[Stored items from a collection]
Content starts
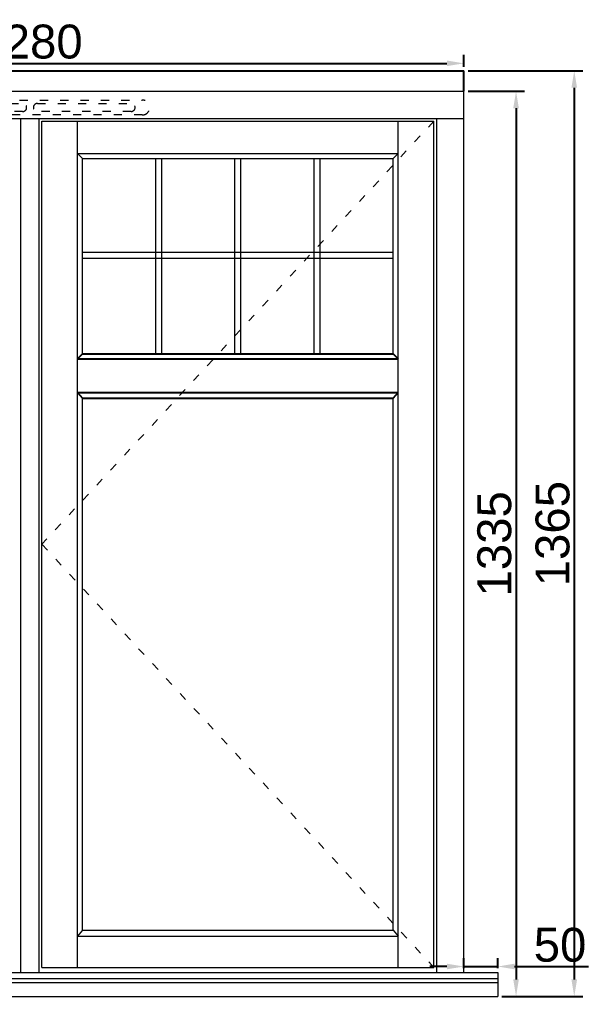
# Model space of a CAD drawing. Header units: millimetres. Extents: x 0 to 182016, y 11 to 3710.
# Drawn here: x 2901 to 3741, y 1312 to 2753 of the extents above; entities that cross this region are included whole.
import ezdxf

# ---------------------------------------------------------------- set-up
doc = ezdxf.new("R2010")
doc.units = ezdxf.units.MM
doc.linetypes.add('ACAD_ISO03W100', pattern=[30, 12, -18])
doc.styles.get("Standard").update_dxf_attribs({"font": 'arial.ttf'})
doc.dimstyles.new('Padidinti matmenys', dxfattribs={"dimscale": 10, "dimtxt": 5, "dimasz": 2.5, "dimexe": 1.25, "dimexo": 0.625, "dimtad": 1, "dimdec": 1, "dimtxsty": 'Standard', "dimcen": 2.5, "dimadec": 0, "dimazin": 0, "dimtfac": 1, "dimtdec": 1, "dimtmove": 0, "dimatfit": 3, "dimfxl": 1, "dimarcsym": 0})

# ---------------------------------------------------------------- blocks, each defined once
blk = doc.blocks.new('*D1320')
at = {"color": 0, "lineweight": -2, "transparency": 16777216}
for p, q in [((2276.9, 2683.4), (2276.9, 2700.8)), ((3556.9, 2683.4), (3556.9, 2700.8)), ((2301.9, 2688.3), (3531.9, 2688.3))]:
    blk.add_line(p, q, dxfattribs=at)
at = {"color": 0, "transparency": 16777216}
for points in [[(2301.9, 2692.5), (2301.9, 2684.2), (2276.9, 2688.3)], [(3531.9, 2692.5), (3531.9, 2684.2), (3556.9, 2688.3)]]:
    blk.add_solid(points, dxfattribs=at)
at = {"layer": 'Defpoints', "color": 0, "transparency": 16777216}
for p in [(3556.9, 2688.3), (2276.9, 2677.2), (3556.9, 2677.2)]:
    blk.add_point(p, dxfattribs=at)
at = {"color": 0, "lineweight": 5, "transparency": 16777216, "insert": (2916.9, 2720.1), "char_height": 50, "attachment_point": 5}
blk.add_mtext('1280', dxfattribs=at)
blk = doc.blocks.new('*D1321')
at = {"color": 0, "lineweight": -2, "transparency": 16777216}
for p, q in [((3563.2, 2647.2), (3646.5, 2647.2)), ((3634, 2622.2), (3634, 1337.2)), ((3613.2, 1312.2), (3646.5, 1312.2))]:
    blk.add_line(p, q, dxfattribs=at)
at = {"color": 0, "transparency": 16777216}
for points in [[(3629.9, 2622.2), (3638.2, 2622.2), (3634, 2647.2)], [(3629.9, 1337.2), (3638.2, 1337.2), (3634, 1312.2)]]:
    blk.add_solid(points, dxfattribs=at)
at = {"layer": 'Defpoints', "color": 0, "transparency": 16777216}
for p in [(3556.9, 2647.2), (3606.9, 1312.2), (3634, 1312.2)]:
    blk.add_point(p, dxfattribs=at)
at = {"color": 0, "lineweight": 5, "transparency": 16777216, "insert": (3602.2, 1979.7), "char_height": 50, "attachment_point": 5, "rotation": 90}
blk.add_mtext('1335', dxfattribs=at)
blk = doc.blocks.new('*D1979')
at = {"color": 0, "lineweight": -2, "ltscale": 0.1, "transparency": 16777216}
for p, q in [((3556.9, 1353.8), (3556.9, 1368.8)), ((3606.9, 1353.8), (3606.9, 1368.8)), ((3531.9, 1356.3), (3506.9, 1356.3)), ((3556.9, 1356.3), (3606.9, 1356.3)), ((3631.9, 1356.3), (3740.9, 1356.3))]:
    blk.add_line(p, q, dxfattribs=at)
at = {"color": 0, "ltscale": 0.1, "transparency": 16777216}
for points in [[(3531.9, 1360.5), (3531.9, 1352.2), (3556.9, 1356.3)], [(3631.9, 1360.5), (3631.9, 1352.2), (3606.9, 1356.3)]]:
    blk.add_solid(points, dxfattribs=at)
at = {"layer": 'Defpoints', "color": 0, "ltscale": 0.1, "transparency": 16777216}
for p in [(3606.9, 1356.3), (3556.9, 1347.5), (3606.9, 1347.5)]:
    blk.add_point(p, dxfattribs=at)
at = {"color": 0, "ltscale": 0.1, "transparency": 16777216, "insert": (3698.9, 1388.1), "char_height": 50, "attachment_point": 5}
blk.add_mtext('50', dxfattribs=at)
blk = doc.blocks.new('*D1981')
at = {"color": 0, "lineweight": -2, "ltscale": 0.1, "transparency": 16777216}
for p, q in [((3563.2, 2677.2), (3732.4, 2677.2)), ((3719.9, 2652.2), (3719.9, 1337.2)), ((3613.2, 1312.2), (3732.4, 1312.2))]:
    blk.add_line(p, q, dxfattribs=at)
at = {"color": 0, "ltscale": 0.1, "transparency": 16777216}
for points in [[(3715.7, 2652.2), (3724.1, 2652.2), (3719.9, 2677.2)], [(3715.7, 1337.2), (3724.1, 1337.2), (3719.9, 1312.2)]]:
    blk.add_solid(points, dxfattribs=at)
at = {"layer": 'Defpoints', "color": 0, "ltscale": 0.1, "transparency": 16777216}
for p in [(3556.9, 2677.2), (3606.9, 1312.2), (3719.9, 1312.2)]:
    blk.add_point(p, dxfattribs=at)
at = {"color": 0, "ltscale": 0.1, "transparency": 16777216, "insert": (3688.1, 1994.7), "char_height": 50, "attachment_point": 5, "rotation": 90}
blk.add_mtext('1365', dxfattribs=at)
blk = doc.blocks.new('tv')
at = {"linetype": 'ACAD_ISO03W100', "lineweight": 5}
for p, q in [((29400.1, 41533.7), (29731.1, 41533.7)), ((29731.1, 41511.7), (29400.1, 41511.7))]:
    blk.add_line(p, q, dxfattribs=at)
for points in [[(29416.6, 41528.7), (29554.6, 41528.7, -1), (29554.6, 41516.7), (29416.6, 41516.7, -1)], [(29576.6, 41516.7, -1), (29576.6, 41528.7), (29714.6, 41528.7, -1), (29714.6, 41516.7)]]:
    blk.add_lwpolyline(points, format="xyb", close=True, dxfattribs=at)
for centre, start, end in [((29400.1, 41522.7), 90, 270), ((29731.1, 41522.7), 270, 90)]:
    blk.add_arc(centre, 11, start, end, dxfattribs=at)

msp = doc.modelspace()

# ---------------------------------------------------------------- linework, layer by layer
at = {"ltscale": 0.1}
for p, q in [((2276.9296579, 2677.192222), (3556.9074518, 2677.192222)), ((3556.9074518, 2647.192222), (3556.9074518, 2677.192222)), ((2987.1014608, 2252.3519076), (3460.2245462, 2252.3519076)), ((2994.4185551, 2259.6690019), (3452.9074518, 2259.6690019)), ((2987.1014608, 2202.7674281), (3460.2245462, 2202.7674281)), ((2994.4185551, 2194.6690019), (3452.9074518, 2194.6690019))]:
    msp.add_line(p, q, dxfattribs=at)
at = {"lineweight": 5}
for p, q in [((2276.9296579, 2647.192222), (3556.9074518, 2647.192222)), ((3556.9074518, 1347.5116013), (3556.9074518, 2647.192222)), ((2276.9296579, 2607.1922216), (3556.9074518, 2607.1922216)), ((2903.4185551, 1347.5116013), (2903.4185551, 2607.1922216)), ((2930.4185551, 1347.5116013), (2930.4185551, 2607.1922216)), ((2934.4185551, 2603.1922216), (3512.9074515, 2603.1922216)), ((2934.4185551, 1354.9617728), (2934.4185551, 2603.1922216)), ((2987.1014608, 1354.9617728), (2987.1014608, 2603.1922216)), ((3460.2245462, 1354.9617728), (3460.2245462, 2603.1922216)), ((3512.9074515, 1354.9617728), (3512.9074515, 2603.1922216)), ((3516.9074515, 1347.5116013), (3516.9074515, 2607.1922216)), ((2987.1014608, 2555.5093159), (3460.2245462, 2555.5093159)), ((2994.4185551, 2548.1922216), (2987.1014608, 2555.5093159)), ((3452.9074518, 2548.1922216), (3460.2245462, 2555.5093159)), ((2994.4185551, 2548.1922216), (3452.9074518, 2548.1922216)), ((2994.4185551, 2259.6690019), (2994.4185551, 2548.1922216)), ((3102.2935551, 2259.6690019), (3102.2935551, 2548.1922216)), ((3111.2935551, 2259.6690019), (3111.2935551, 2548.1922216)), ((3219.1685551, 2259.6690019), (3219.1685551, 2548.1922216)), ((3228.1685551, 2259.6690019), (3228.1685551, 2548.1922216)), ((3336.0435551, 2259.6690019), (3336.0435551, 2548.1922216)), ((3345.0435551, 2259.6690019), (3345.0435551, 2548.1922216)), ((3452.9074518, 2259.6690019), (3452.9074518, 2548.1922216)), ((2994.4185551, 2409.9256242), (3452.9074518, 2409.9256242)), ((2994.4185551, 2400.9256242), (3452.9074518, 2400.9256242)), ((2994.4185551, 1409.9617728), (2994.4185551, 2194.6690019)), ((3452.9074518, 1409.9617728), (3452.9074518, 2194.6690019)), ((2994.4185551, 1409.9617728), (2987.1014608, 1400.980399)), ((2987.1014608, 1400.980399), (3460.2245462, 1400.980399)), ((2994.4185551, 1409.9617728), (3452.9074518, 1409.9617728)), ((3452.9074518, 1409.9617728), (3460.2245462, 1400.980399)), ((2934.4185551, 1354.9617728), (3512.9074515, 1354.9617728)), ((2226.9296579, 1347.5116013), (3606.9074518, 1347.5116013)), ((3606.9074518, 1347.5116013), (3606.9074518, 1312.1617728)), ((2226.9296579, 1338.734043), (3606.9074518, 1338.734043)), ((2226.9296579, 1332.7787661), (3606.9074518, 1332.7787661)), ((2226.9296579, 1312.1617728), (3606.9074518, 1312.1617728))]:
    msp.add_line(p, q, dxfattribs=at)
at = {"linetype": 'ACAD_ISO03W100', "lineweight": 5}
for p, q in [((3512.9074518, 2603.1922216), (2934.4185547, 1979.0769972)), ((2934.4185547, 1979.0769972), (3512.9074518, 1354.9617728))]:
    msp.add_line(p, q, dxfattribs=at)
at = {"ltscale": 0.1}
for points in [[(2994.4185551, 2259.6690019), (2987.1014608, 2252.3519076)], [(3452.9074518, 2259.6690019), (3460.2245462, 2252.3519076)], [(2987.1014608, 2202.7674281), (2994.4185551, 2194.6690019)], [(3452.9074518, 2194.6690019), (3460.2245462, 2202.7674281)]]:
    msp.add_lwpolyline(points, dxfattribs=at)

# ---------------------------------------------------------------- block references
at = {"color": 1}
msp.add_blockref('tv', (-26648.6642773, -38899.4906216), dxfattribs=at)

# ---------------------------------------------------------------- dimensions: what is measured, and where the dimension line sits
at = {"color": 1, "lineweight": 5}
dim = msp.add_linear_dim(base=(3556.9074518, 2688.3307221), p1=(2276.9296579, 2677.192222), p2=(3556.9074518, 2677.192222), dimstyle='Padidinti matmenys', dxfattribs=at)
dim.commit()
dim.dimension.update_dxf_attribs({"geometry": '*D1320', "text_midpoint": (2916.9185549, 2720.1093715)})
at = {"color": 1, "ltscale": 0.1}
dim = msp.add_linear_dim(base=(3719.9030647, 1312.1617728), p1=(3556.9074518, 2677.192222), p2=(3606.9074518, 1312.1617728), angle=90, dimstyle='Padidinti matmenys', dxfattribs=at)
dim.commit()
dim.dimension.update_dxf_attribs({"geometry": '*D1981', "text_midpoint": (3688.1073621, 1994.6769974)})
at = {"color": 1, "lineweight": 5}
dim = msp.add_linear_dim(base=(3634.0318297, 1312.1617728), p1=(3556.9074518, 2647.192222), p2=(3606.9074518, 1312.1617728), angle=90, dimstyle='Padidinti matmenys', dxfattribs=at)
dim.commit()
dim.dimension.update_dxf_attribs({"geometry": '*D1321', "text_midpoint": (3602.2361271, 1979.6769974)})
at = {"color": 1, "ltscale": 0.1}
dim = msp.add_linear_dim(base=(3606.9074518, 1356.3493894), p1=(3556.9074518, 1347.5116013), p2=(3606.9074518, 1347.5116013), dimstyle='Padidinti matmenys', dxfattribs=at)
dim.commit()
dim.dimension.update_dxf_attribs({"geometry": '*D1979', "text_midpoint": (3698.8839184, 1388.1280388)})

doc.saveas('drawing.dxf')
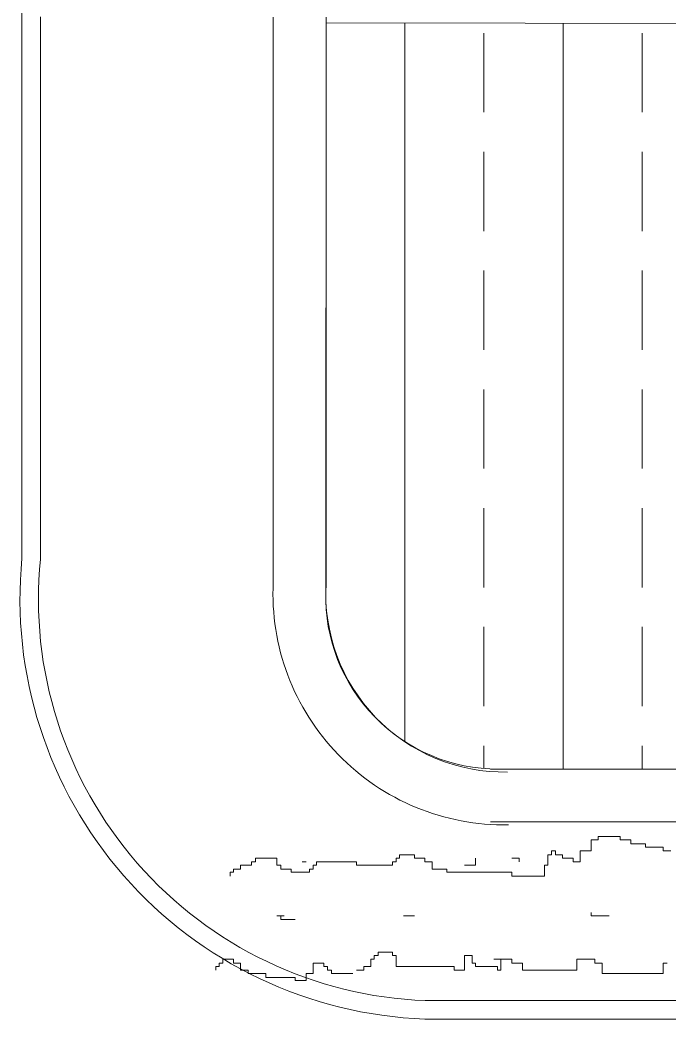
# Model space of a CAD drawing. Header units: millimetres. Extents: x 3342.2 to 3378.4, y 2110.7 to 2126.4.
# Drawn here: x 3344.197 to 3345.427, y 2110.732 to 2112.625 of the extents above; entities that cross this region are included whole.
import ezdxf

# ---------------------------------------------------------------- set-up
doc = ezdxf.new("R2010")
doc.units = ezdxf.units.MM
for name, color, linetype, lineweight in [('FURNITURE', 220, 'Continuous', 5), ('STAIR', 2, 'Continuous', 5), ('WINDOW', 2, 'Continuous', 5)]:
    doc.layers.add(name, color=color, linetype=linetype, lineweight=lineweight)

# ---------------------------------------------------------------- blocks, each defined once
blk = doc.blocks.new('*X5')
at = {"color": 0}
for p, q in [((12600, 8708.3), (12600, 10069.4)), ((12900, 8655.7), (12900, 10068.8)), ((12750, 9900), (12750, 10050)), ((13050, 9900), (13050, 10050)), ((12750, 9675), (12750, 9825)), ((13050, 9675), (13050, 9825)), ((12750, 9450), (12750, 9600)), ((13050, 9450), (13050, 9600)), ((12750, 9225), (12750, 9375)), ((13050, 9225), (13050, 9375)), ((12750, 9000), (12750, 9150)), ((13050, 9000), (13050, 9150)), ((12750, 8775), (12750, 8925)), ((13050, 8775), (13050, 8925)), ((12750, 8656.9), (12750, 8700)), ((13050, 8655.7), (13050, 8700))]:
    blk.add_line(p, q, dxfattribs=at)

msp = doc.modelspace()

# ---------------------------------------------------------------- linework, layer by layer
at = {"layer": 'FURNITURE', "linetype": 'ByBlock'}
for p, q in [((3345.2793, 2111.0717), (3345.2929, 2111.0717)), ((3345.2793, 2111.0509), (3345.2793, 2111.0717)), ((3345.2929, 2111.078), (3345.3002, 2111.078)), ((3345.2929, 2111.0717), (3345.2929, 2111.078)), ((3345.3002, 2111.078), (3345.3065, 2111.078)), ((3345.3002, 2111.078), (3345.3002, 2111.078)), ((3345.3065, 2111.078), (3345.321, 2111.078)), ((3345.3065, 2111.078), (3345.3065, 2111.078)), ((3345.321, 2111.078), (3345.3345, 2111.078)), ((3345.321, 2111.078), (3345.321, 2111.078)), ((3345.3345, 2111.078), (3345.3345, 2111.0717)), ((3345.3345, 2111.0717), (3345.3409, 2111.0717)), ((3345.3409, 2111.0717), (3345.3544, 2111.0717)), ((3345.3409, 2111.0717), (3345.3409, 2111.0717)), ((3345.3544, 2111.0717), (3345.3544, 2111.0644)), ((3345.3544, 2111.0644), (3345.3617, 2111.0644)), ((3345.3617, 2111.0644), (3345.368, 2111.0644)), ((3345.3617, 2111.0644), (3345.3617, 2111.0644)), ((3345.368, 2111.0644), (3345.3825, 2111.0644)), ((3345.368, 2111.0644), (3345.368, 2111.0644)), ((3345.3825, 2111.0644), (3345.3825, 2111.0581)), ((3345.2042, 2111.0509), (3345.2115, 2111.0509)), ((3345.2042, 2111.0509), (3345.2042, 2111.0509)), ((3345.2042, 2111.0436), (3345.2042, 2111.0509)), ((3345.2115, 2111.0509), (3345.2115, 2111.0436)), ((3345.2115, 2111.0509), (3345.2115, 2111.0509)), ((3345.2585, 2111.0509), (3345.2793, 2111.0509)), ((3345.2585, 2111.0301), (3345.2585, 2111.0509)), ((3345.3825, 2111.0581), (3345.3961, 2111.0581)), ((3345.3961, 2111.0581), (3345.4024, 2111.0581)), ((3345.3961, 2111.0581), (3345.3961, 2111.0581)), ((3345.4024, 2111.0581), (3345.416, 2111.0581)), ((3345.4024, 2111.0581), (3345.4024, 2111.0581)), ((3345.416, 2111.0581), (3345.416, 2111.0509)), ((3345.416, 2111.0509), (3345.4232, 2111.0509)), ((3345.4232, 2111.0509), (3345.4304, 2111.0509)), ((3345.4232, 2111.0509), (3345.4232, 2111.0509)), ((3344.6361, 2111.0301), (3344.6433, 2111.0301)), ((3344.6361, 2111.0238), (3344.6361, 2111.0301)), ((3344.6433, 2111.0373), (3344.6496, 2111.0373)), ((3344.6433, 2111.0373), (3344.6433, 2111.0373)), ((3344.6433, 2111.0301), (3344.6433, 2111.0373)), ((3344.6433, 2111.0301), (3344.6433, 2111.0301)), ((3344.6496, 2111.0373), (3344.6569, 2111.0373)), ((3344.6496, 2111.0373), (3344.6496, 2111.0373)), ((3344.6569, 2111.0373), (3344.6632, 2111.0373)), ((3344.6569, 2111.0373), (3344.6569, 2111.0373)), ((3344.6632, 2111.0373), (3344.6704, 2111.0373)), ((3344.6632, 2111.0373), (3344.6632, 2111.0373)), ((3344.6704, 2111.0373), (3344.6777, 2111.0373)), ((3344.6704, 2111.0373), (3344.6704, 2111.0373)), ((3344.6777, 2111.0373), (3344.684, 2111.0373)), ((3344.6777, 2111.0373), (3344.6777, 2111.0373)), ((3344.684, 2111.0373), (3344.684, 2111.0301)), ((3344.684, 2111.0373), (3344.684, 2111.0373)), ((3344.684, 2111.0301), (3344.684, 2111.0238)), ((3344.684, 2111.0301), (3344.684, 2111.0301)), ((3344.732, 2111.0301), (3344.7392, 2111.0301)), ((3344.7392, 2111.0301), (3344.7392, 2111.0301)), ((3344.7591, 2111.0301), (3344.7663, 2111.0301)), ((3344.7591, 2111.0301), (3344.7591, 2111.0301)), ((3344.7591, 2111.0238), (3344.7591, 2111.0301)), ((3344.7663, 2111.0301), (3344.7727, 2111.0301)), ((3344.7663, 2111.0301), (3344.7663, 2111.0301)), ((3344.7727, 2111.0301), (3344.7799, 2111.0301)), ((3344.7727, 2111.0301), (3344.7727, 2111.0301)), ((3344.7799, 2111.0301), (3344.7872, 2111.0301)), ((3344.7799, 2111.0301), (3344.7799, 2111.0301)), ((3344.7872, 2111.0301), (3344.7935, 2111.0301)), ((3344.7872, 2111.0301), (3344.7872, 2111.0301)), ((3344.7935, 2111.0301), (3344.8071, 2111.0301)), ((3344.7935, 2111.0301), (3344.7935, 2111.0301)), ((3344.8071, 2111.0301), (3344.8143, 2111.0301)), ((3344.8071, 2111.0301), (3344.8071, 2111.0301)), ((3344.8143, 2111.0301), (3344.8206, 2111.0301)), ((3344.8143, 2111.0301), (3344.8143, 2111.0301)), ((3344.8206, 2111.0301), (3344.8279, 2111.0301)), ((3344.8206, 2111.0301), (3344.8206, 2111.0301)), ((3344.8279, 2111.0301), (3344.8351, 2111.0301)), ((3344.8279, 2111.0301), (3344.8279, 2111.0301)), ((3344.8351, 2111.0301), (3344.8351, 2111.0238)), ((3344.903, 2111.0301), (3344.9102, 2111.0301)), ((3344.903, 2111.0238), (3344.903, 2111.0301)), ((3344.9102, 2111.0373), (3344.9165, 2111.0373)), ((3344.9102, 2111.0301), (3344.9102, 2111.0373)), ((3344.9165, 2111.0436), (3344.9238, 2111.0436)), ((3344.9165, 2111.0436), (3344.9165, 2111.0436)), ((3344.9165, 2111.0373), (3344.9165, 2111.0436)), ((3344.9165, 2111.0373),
Content ends
**Exercise brief**:
Scan the data above for the string "Header" and copy each line where it appears.

**Solution for this problem**:
# Model space of a CAD drawing. Header units: millimetres. Extents: x 0 to 182016, y 11 to 3710.
# Model space of a CAD drawing. Header units: millimetres. Extents: x 3342.2 to 3378.4, y 2110.7 to 2126.4.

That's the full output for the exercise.